Keep looking there are several of us from different styles, there are a few here from Ryukyu Kempo, keep looking you will find us...

:asian:


----------



## satans.barber (May 2, 2003)

I'm Kempo Ryu (but that's mostly derrived from American Kenpo)

Ian.


----------



## XtremeJ_AKKI (May 2, 2003)

What is American Ke*m*po?


----------



## satans.barber (May 2, 2003)

> _Originally posted by XtremeJ_AKKI _
> *What is American Kempo?   *



Same thing as American Kenpo, spelling it properly doesn't change what it is 

Ian.


----------



## XtremeJ_AKKI (May 2, 2003)

> _Originally posted by satans.barber _
> *Same thing as American Kenpo, spelling it properly doesn't change what it is
> 
> Ian. *



 Perhaps not, but it makes me shudder while remembering a Ke*m*po article in BB magazine, showing techniques with a baby in one of your arms.

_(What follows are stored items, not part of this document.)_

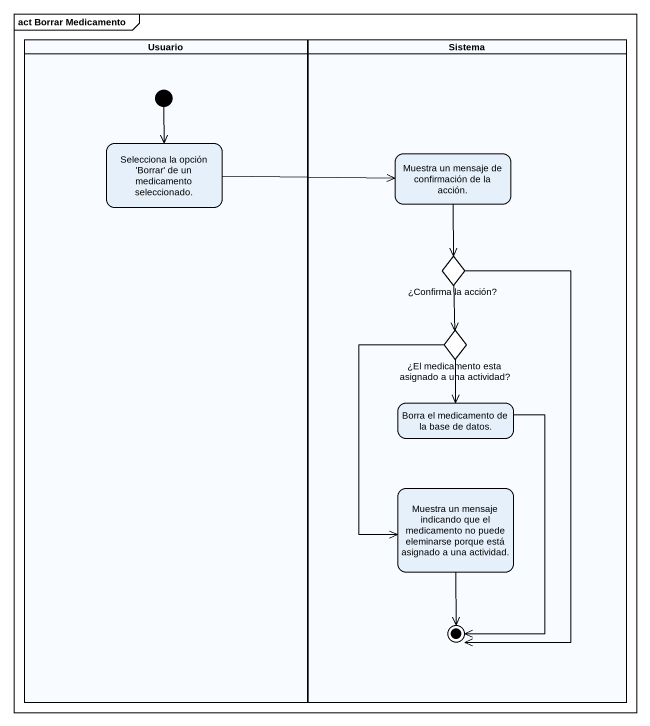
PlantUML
@startuml
mainframe act Borrar Medicamento
hide empty description
state Usuario <<partition>> {
  state "Selecciona la opción 'Borrar' de un medicamento seleccionado." as Selecciona_la_opción_Borrar
  [*] --> Selecciona_la_opción_Borrar
}
state Sistema <<partition>> {
  state "Muestra un mensaje de confirmación de la acción." as Muestra_un_mensaje_de
  state "¿Confirma la acción?" as Confirma_la_acción <<choice>>
  state "¿El medicamento esta asignado a una actividad?" as El_medicamento_esta <<choice>>
  state "Borra el medicamento de la base de datos." as Borra_el_medicamento_de_la
  state "Muestra un mensaje indicando que el medicamento no puede eleminarse porque está asignado a una actividad." as Muestra_un_mensaje
  Confirma_la_acción --> [*]
  Borra_el_medicamento_de_la --> [*]
  Muestra_un_mensaje --> [*]
}
Selecciona_la_opción_Borrar -right-> Muestra_un_mensaje_de
Muestra_un_mensaje_de --> Confirma_la_acción
Confirma_la_acción --> El_medicamento_esta
El_medicamento_esta --> Borra_el_medicamento_de_la
El_medicamento_esta --> Muestra_un_mensaje
@enduml

 Besides, Ke*n*po is Ke*n*po, dang it!!


----------



## webpage20022003 (May 2, 2003)

> _Originally posted by XtremeJ_AKKI _
> *
> 
> Besides, Kenpo is Kenpo, dang it!!  *



i prefer KEMPO over KENPO . why?

KENPO means being Nice (see a big N??

KEMPO means no NICE( see a big M?)

see a big different?


----------



## Jay Bell (May 2, 2003)

Um...it's the same word, romanized differently.

*sigh*


----------



## XtremeJ_AKKI (May 2, 2003)

> _Originally posted by webpage20022003 _
> *i prefer KEMPO over KENPO . why?
> 
> KENPO means being Nice (see a big N??
> ...



 Yep, I see two different arts. 

 When I pick up a certain book to freshen up on concepts, I see " _The Encyclopedia of Ke*n*po _" on the cover. 

 When I look at the AKKI crest on my gi top, I see the words " Ke*n*po Karate " on it. 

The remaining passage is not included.